Castor & Pollux will be going to live in California with Terry. I'll be sad to leave them, but happy they have found such a good home. 
Thanks, Terry, see you in August.

Marjorie


----------



## ernie

Sorry it took me so long to see this messages, we are in the middle of moving.

Today it's the pigeons turn to move.  (pigeons in the back of the cargo van and loft on a trailer.)

The new house comes with a huge chicken coop, that will be converted into a pigeon coop, complete with aviary, within the next 3 weeks.

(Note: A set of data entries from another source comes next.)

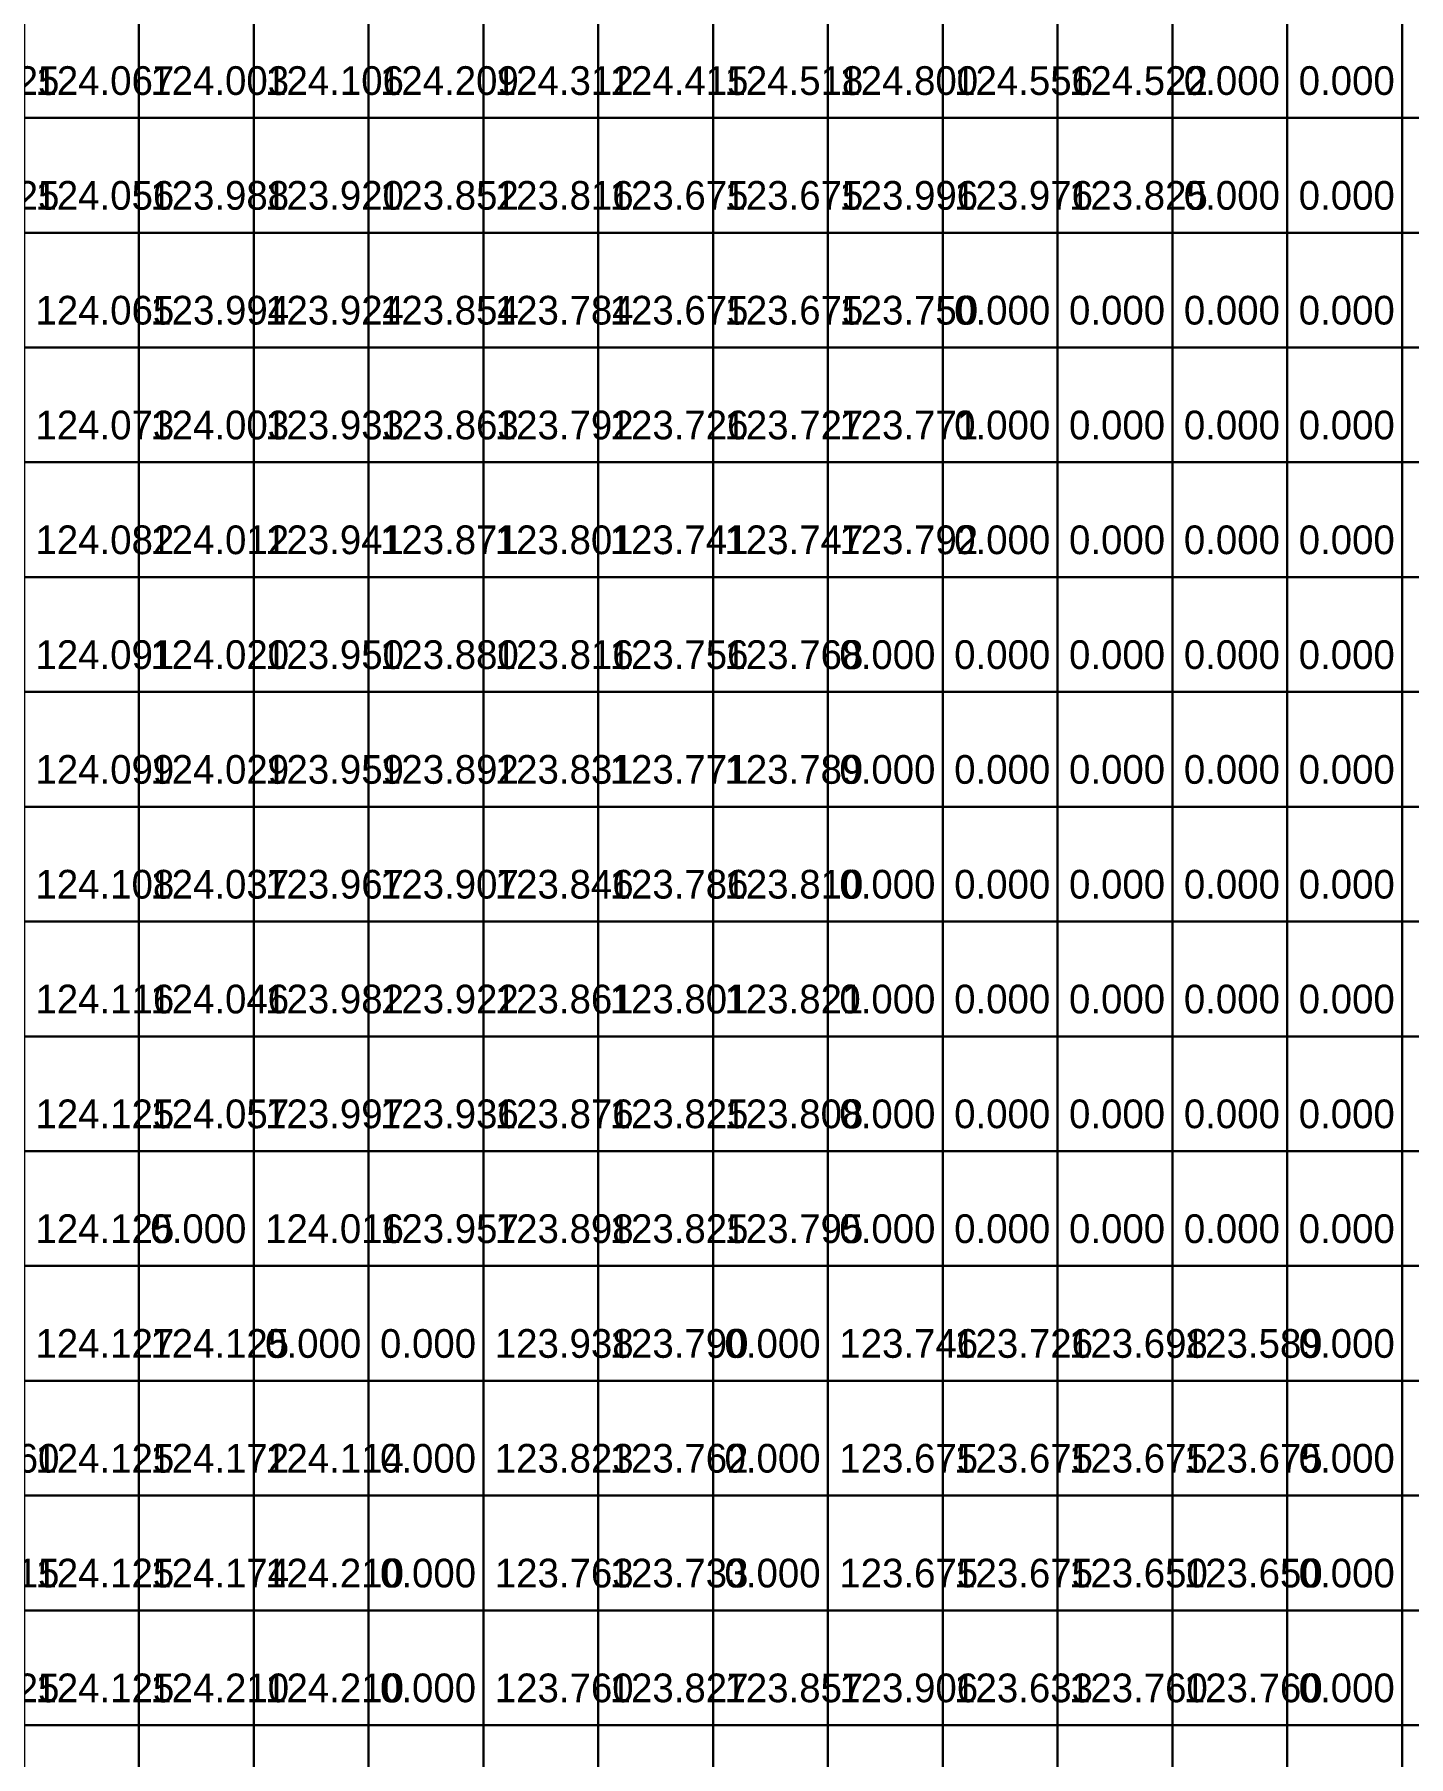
# Model space of a CAD drawing. Header units: metres. Extents: x 287857 to 287978, y 62957 to 63018.
# Drawn here: x 287942.02 to 287953.98, y 62987.56 to 63002.56 of the extents above; entities that cross this region are included whole.
import ezdxf

# ---------------------------------------------------------------- set-up
doc = ezdxf.new("R2010")
doc.units = ezdxf.units.M
for name, color, linetype, true_color in [('ARCH-BARRIER', 7, 'Continuous', 0xf87171), ('ARCH-INTERP', 7, 'Continuous', 0x64748b), ('ARCH-LEVEL-TXT', 7, 'Continuous', 0xa78bfa), ('ARCH-REAL', 7, 'Continuous', 0xa78bfa)]:
    doc.layers.add(name, color=color, linetype=linetype, true_color=true_color)

msp = doc.modelspace()

# ---------------------------------------------------------------- linework, layer by layer
at = {"layer": 'ARCH-BARRIER'}
for points in [[(287951.925, 63001.831, 0), (287952.925, 63001.831, 0), (287952.925, 63002.831, 0), (287951.925, 63002.831, 0), (287951.925, 63001.831, 0)], [(287952.925, 63001.831, 0), (287953.925, 63001.831, 0), (287953.925, 63002.831, 0), (287952.925, 63002.831, 0), (287952.925, 63001.831, 0)], [(287951.925, 63000.831, 0), (287952.925, 63000.831, 0), (287952.925, 63001.831, 0), (287951.925, 63001.831, 0), (287951.925, 63000.831, 0)], [(287952.925, 63000.831, 0), (287953.925, 63000.831, 0), (287953.925, 63001.831, 0), (287952.925, 63001.831, 0), (287952.925, 63000.831, 0)], [(287952.925, 62999.831, 0), (287953.925, 62999.831, 0), (287953.925, 63000.831, 0), (287952.925, 63000.831, 0), (287952.925, 62999.831, 0)], [(287952.925, 62992.831, 0), (287953.925, 62992.831, 0), (287953.925, 62993.831, 0), (287952.925, 62993.831, 0), (287952.925, 62992.831, 0)], [(287942.925, 62991.831, 0), (287943.925, 62991.831, 0), (287943.925, 62992.831, 0), (287942.925, 62992.831, 0), (287942.925, 62991.831, 0)], [(287952.925, 62991.831, 0), (287953.925, 62991.831, 0), (287953.925, 62992.831, 0), (287952.925, 62992.831, 0), (287952.925, 62991.831, 0)], [(287943.925, 62990.831, 0), (287944.925, 62990.831, 0), (287944.925, 62991.831, 0), (287943.925, 62991.831, 0), (287943.925, 62990.831, 0)], [(287944.925, 62990.831, 0), (287945.925, 62990.831, 0), (287945.925, 62991.831, 0), (287944.925, 62991.831, 0), (287944.925, 62990.831, 0)], [(287947.925, 62990.831, 0), (287948.925, 62990.831, 0), (287948.925, 62991.831, 0), (287947.925, 62991.831, 0), (287947.925, 62990.831, 0)], [(287952.925, 62990.831, 0), (287953.925, 62990.831, 0), (287953.925, 62991.831, 0), (287952.925, 62991.831, 0), (287952.925, 62990.831, 0)], [(287944.925, 62989.831, 0), (287945.925, 62989.831, 0), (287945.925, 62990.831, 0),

If you are still looking for someone closer, I would love to have them. I live in north east Ohio, east of cleveland (ashtabula county). Zeus, a white indian fantail and Mikos, a red american fantail, are already part of out mottley crew of unwanted and rescued pigeons. Once the new pigeon coop is finnished, I will have lots of extra room.

Let me know
Erna


----------



## Peapicker

Thank you very much for offering to take Castor and Pollux. We have arranged for Terry to have them, but it's heartening to know there are people out there very willing to help out. Good luck witht he moving - it sounds as thought your pigens are going to love their new home, Have they settled in yet?
Marjorie


----------



## Hawklady

*Love to have them*

I will give them a good home. I will meet you in Eveansville if you still have them. I want to put them in my flower garden. I have a fish pond there and will make them a lovely home. Call me at 812-397-1220 and ask for Di


----------



## TAWhatley

*California Bound!*

I had an e-mail from Marjorie today that they are leaving on Tuesday to bring Castor to California to live with me and my flock. They expect to arrive here sometime on Thursday. Thank you to everyone who has so graciously offered to adopt Castor!

Terry


----------



## TAWhatley

*Castor Has Arrived!*

Hi All,

Just letting you know that Castor arrived yesterday (Thursday) afternoon. He is a gorgeous fantail, and I am so very happy to have him.

It was wonderful to meet Marjorie, her husband, and her grandchildren. After we got Castor settled in we went to Omar's Exotic Birds and then to the local duck pond to feed the ducks. I certainly enjoyed myself and think that Marjorie and her family did also. A Senegal and a Meyers parrot took quite a liking to Marjorie at Omar's .. one on the top of her head and the other on her shoulder .. too bad we didn't have a camera!

Terry


----------



## birdboy12

*still need a home*

hello do u still need a home for these two birds?


----------



## TAWhatley

Hi Everyone,

Please be aware that these two fantails, Castor and Pollux, have both reached their ultimate home. Sadly, Pollux died shortly after Marjorie made the decision to adopt them out. Happily, Castor arrived at my home on Thursday afternoon, August 5, 2004, and will be a permanent member of my pet pigeon flock.

Thank you again to everyone for offering to adopt these birds. They were and are, indeed, special birds.

Terry


----------



## trinity

I thought i will do my best to solve this at first when i saw " indian fantails" as i am from indai but later but when i saw Kentucky that was just a dream. 
anyhow wish all the best to these two guys


----------



## Feefo

Hi Trinity,

I see this is our first post so welcome! And thank you for wanting to help.

Cynthia


----------